» **WHAT IS BEING ASKED**
Once you find the line containing "#16655 = CARTESIAN_POINT" in the data below, copy it and each following line exactly, up to and including the line containing "#19075 = ORIENTED_EDGE", and nothing else.

MATERIAL PROVIDED START

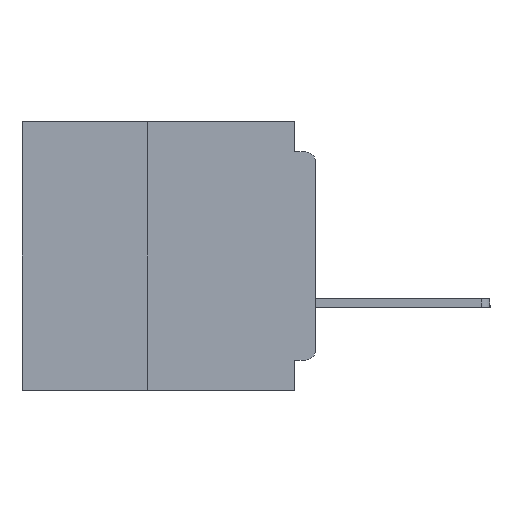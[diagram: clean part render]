
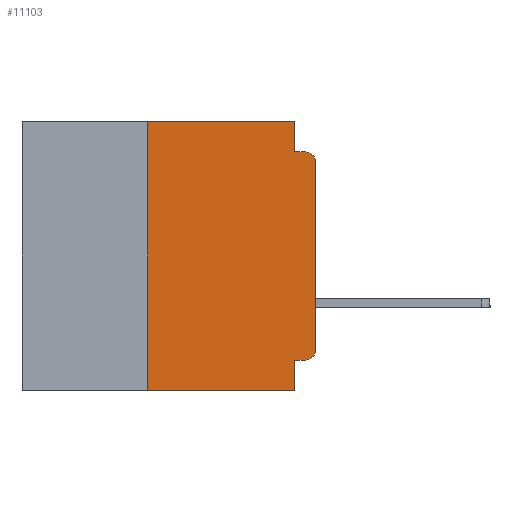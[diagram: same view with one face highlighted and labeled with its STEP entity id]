
A CAD part, left-side view. The second image highlights one B-rep face of the part: STEP entity #11103.
In plain terms, the highlighted planar face has unit normal (-1, 0, 0).
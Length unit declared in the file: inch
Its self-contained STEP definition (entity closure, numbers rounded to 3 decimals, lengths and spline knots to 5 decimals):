
#65 = CARTESIAN_POINT ( 'NONE',  ( 0., 0.031, -0.4 ) ) ;
#816 = AXIS2_PLACEMENT_3D ( 'NONE', #25689, #5339, #28968 ) ;
#1196 = EDGE_CURVE ( 'NONE', #15141, #7626, #9564, .T. ) ;
#1341 = VECTOR ( 'NONE', #21800, 39.37008 ) ;
#3353 = CIRCLE ( 'NONE', #23624, 0.015 ) ;
#3932 = VERTEX_POINT ( 'NONE', #65 ) ;
#4662 = CARTESIAN_POINT ( 'NONE',  ( 0., 0.25, -0.4 ) ) ;
#4825 = FACE_OUTER_BOUND ( 'NONE', #36976, .T. ) ;
#5259 = CARTESIAN_POINT ( 'NONE',  ( 0., 0., 0. ) ) ;
#5339 = DIRECTION ( 'NONE',  ( 1., 0., 0. ) ) ;
#5525 = VECTOR ( 'NONE', #8779, 39.37008 ) ;
#5892 = DIRECTION ( 'NONE',  ( 0., 0., -1. ) ) ;
#6065 = CARTESIAN_POINT ( 'NONE',  ( 0., 0.015, -0.355 ) ) ;
#7496 = CARTESIAN_POINT ( 'NONE',  ( 0., 0.437, 0. ) ) ;
#7626 = VERTEX_POINT ( 'NONE', #27727 ) ;
#8749 = DIRECTION ( 'NONE',  ( 0., 0., 1. ) ) ;
#8779 = DIRECTION ( 'NONE',  ( 0., 0., 1. ) ) ;
#8889 = EDGE_CURVE ( 'NONE', #15141, #21092, #3353, .T. ) ;
#9010 = VERTEX_POINT ( 'NONE', #21100 ) ;
#9564 = LINE ( 'NONE', #28296, #35123 ) ;
#10329 = VERTEX_POINT ( 'NONE', #4662 ) ;
#10991 = DIRECTION ( 'NONE',  ( 0., -1., 0. ) ) ;
#11103 = ADVANCED_FACE ( 'NONE', ( #4825 ), #35420, .F. ) ;
#11639 = LINE ( 'NONE', #5259, #19604 ) ;
#12084 = ORIENTED_EDGE ( 'NONE', *, *, #42866, .F. ) ;
#12362 = CARTESIAN_POINT ( 'NONE',  ( 0., 0., -0.06 ) ) ;
#13687 = EDGE_CURVE ( 'NONE', #32011, #25730, #17010, .T. ) ;
#13967 = EDGE_CURVE ( 'NONE', #28992, #9010, #31956, .T. ) ;
#14778 = LINE ( 'NONE', #28915, #5525 ) ;
#14803 = EDGE_CURVE ( 'NONE', #10329, #3932, #32591, .T. ) ;
#15141 = VERTEX_POINT ( 'NONE', #6065 ) ;
#16264 = DIRECTION ( 'NONE',  ( -1., 0., 0. ) ) ;
#16553 = ORIENTED_EDGE ( 'NONE', *, *, #36174, .F. ) ;
#16655 = CARTESIAN_POINT ( 'NONE',  ( 0., 0.031, -0.045 ) ) ;
#17010 = CIRCLE ( 'NONE', #21538, 0.015 ) ;
#17339 = DIRECTION ( 'NONE',  ( 0., 0., -1. ) ) ;
#19075 = ORIENTED_EDGE ( 'NONE', *, *, #1196, .F. ) ;
#19317 = ORIENTED_EDGE ( 'NONE', *, *, #13967, .F. ) ;
#19604 = VECTOR ( 'NONE', #8749, 39.37008 ) ;
#20517 = DIRECTION ( 'NONE',  ( -1., 0., 0. ) ) ;
#21092 = VERTEX_POINT ( 'NONE', #27972 ) ;
#21100 = CARTESIAN_POINT ( 'NONE',  ( 0., 0.031, 0. ) ) ;
#21538 = AXIS2_PLACEMENT_3D ( 'NONE', #36018, #16264, #39305 ) ;
#21800 = DIRECTION ( 'NONE',  ( 0., -1., 0. ) ) ;
#22645 = ORIENTED_EDGE ( 'NONE', *, *, #14803, .T. ) ;
#23624 = AXIS2_PLACEMENT_3D ( 'NONE', #40164, #20517, #5892 ) ;
#23939 = EDGE_CURVE ( 'NONE', #21092, #32011, #11639, .T. ) ;
#24924 = VECTOR ( 'NONE', #37845, 39.37008 ) ;
#25301 = CARTESIAN_POINT ( 'NONE',  ( 0., 0.031, 0. ) ) ;
#25689 = CARTESIAN_POINT ( 'NONE',  ( 0., 0.437, 0. ) ) ;
#25730 = VERTEX_POINT ( 'NONE', #34843 ) ;
#26393 = VECTOR ( 'NONE', #17339, 39.37008 ) ;
#27727 = CARTESIAN_POINT ( 'NONE',  ( 0., 0.031, -0.355 ) ) ;
#27843 = ORIENTED_EDGE ( 'NONE', *, *, #23939, .T. ) ;
#27972 = CARTESIAN_POINT ( 'NONE',  ( 0., 0., -0.34 ) ) ;
#28243 = DIRECTION ( 'NONE',  ( 0., 1., 0. ) ) ;
#28296 = CARTESIAN_POINT ( 'NONE',  ( 0., 0., -0.355 ) ) ;
#28915 = CARTESIAN_POINT ( 'NONE',  ( 0., 0.25, -0.4 ) ) ;
#28968 = DIRECTION ( 'NONE',  ( 0., 0., -1. ) ) ;
#28992 = VERTEX_POINT ( 'NONE', #33139 ) ;
#29380 = LINE ( 'NONE', #38127, #1341 ) ;
#31891 = DIRECTION ( 'NONE',  ( 0., 0., -1. ) ) ;
#31956 = LINE ( 'NONE', #7496, #39621 ) ;
#32011 = VERTEX_POINT ( 'NONE', #12362 ) ;
#32591 = LINE ( 'NONE', #34548, #24924 ) ;
#33139 = CARTESIAN_POINT ( 'NONE',  ( 0., 0.25, 0. ) ) ;
#33728 = ORIENTED_EDGE ( 'NONE', *, *, #8889, .T. ) ;
#34548 = CARTESIAN_POINT ( 'NONE',  ( 0., 0.437, -0.4 ) ) ;
#34641 = VECTOR ( 'NONE', #31891, 39.37008 ) ;
#34843 = CARTESIAN_POINT ( 'NONE',  ( 0., 0.015, -0.045 ) ) ;
#35095 = LINE ( 'NONE', #40209, #26393 ) ;
#35123 = VECTOR ( 'NONE', #28243, 39.37008 ) ;
#35388 = EDGE_CURVE ( 'NONE', #7626, #3932, #35095, .T. ) ;
#35420 = PLANE ( 'NONE',  #816 ) ;
#36018 = CARTESIAN_POINT ( 'NONE',  ( 0., 0.015, -0.06 ) ) ;
#36174 = EDGE_CURVE ( 'NONE', #36517, #25730, #29380, .T. ) ;
#36517 = VERTEX_POINT ( 'NONE', #16655 ) ;
#36976 = EDGE_LOOP ( 'NONE', ( #27843, #41995, #16553, #42722, #19317, #12084, #22645, #39099, #19075, #33728 ) ) ;
#37845 = DIRECTION ( 'NONE',  ( 0., -1., 0. ) ) ;
#38127 = CARTESIAN_POINT ( 'NONE',  ( 0., 0., -0.045 ) ) ;
#39099 = ORIENTED_EDGE ( 'NONE', *, *, #35388, .F. ) ;
#39305 = DIRECTION ( 'NONE',  ( 0., 0., -1. ) ) ;
#39621 = VECTOR ( 'NONE', #10991, 39.37008 ) ;
#40082 = EDGE_CURVE ( 'NONE', #9010, #36517, #43296, .T. ) ;
#40164 = CARTESIAN_POINT ( 'NONE',  ( 0., 0.015, -0.34 ) ) ;
#40209 = CARTESIAN_POINT ( 'NONE',  ( 0., 0.031, -0.4 ) ) ;
#41995 = ORIENTED_EDGE ( 'NONE', *, *, #13687, .T. ) ;
#42722 = ORIENTED_EDGE ( 'NONE', *, *, #40082, .F. ) ;
#42866 = EDGE_CURVE ( 'NONE', #10329, #28992, #14778, .T. ) ;
#43296 = LINE ( 'NONE', #25301, #34641 ) ;

MATERIAL PROVIDED END

» **FINISHED EXERCISE**
#16655 = CARTESIAN_POINT ( 'NONE',  ( 0., 0.031, -0.045 ) ) ;
#17010 = CIRCLE ( 'NONE', #21538, 0.015 ) ;
#17339 = DIRECTION ( 'NONE',  ( 0., 0., -1. ) ) ;
#19075 = ORIENTED_EDGE ( 'NONE', *, *, #1196, .F. ) ;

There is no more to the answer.